## What you have to do
Locate the word "Rectangle" in the entries below, then gather every line that holds it.

Stored data entries:
___

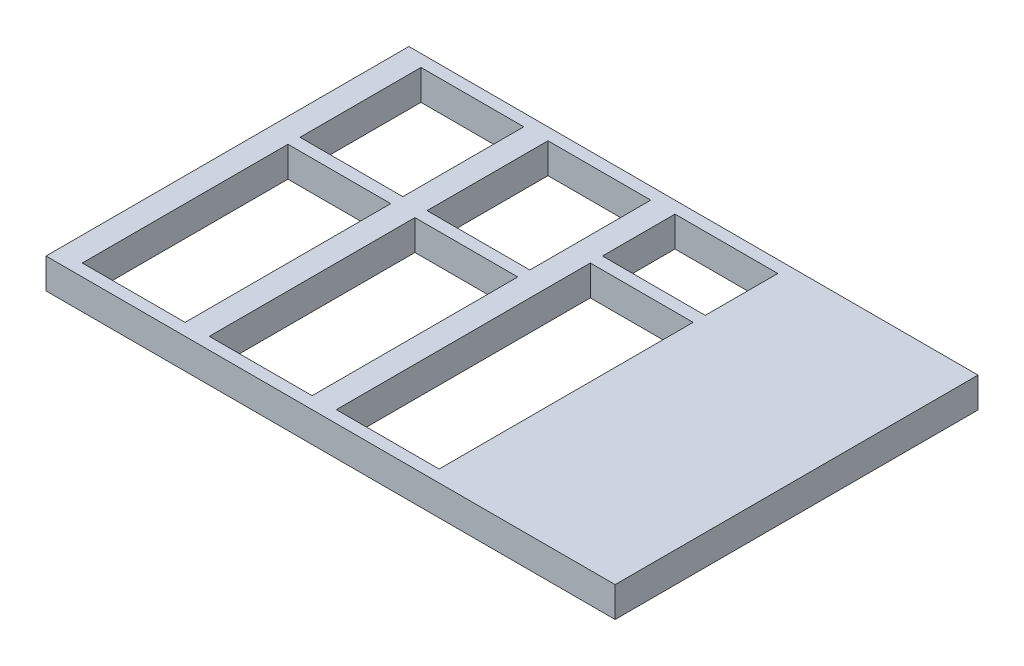
from build123d import *

# Parameters (mm, degrees)
SKETCH1_W           = 94.1
SKETCH1_H           = 60
SKETCH1_W_2         = 17
SKETCH1_H_2         = 34
SKETCH1_H_3         = 20
SKETCH1_H_4         = 42
SKETCH1_H_5         = 12
BOSS_EXTRUDE1_DEPTH = 5


with BuildPart() as part:
    # Sketch1 → Boss-Extrude1 (new body)
    with BuildSketch(Plane(origin=(0, 0, 0), x_dir=(1, 0, 0), z_dir=(0, 1, 0))):
        Rectangle(SKETCH1_W, SKETCH1_H)
        with Locations((-34.55, -11)):
            Rectangle(SKETCH1_W_2, SKETCH1_H_2, mode=Mode.SUBTRACT)
        with Locations((-34.55, 18)):
            Rectangle(SKETCH1_W_2, SKETCH1_H_3, mode=Mode.SUBTRACT)
        with Locations((-13.55, -11)):
            Rectangle(SKETCH1_W_2, SKETCH1_H_2, mode=Mode.SUBTRACT)
        with Locations((-13.55, 18)):
            Rectangle(SKETCH1_W_2, SKETCH1_H_3, mode=Mode.SUBTRACT)
        with Locations((7.45, -7)):
            Rectangle(SKETCH1_W_2, SKETCH1_H_4, mode=Mode.SUBTRACT)
        with Locations((7.45, 22)):
            Rectangle(SKETCH1_W_2, SKETCH1_H_5, mode=Mode.SUBTRACT)
    extrude(amount=BOSS_EXTRUDE1_DEPTH)


solid = part.part

___

## Reply
        Rectangle(SKETCH1_W, SKETCH1_H)
            Rectangle(SKETCH1_W_2, SKETCH1_H_2, mode=Mode.SUBTRACT)
            Rectangle(SKETCH1_W_2, SKETCH1_H_3, mode=Mode.SUBTRACT)
            Rectangle(SKETCH1_W_2, SKETCH1_H_2, mode=Mode.SUBTRACT)
            Rectangle(SKETCH1_W_2, SKETCH1_H_3, mode=Mode.SUBTRACT)
            Rectangle(SKETCH1_W_2, SKETCH1_H_4, mode=Mode.SUBTRACT)
            Rectangle(SKETCH1_W_2, SKETCH1_H_5, mode=Mode.SUBTRACT)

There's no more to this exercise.